The remaining 26% of children in the current sample belonged to the “Part-Time Other ECE” group. These children attended ECE less than part-time; additionally, they experienced smaller group sizes and children-adult ratios. This may indicate that these children were attending more formal “preschool” programs, instead of full-time child care centers. The children in this group were also more likely to have a second adult living in the home than children in the Full-Time Mixed Care group, and were more likely to be in kinship care and to have foster parents with more education than children in the Part-Time Head Start group.
4.4 Conclusions
Taken together, findings from the present study demonstrate that ECE is a regular part of the daily lives of many children in foster care. However, within this subpopulation, the children’s ECE experiences vary substantially. In light of research evidence showing that characteristics of the care children receive are critical to understanding the effects of ECE on developmental outcomes, it is crucial for research to document the characteristics of ECE for this highly vulnerable group of children. The current study provides an important first step by documenting patterns of foster parent-rated quality, quantity, and duration of the center-based ECE experiences of children in foster care.
A few limitations of the present study should be noted. The current study employed a relatively small sample of children in foster care in two counties in the Pacific Northwest; future research should focus on the generalizability of these results to children living with foster families in other areas. Additionally, children in the current study were at the end of the preschool years when the information presented here was collected. Subsequent studies should begin at earlier ages, considering prior research on the importance of children’s total cumulative time in ECE on their development (NICHD ECCRN, 2005), and the methodological challenges inherent in asking foster parents retrospective questions about children’s lives.
Another limitation of this study involved measures of ECE, which were restricted to center-based programs. Findings from studies of the general population indicate the importance of assessing other types of ECE. This will be especially important if future work in this area were to include infants and toddlers (NICHD ECCRN, 2005).
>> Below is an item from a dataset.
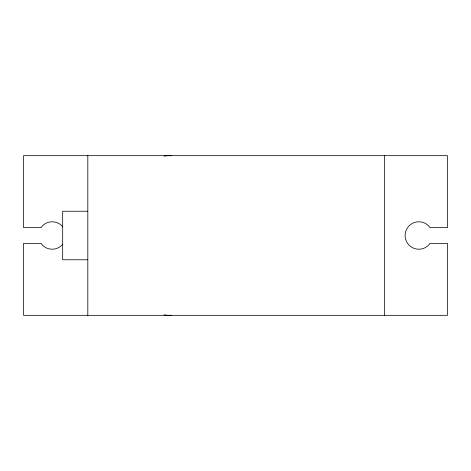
<?xml version="1.0" encoding="UTF-8"?>
<svg xmlns="http://www.w3.org/2000/svg" width="471" height="471" viewBox="0 0 471 471"><rect width="100%" height="100%" fill="white"/><g stroke="black" fill="none" stroke-linecap="round" stroke-linejoin="round"><path stroke-width="0.71" d="M164.038 156.148L167.641 155.671A79.829 79.829 0 0 1 171.22 155.754M87.812 211.232L62.678 211.232L62.678 259.768L87.812 259.768M164.038 314.852L167.641 315.329A79.829 79.829 0 0 0 171.22 315.246M384.36 155.671L384.36 315.329M87.812 155.671L87.812 315.329M62.831 244.137A13.724 13.724 0 0 1 42.461 245.203L41.054 243.366L23.55 243.366L23.55 315.329L447.45 315.329L447.45 243.366L429.946 243.366L428.539 245.203A13.724 13.724 0 0 1 409.128 245.203A13.724 13.724 0 0 1 409.128 225.797A13.724 13.724 0 0 1 428.539 225.797L429.946 227.634L447.45 227.634L447.45 155.671L23.55 155.671L23.55 227.634L41.054 227.634L42.461 225.797A13.724 13.724 0 0 1 62.831 226.863"/></g></svg>

The accuracy of foster parent-reports of group sizes and ratios is potentially limited. Such reports should ideally be corroborated by objective measures of quality, including quality of caregiver-child interactions, in future research. In addition, foster parent responses regarding whether children in foster care ever attended Head Start or other center-based ECE programs may be limited because foster parents may have little information about the prior experiences of the children in their care. Thus, analyses employed measures of children’s current ECE experiences.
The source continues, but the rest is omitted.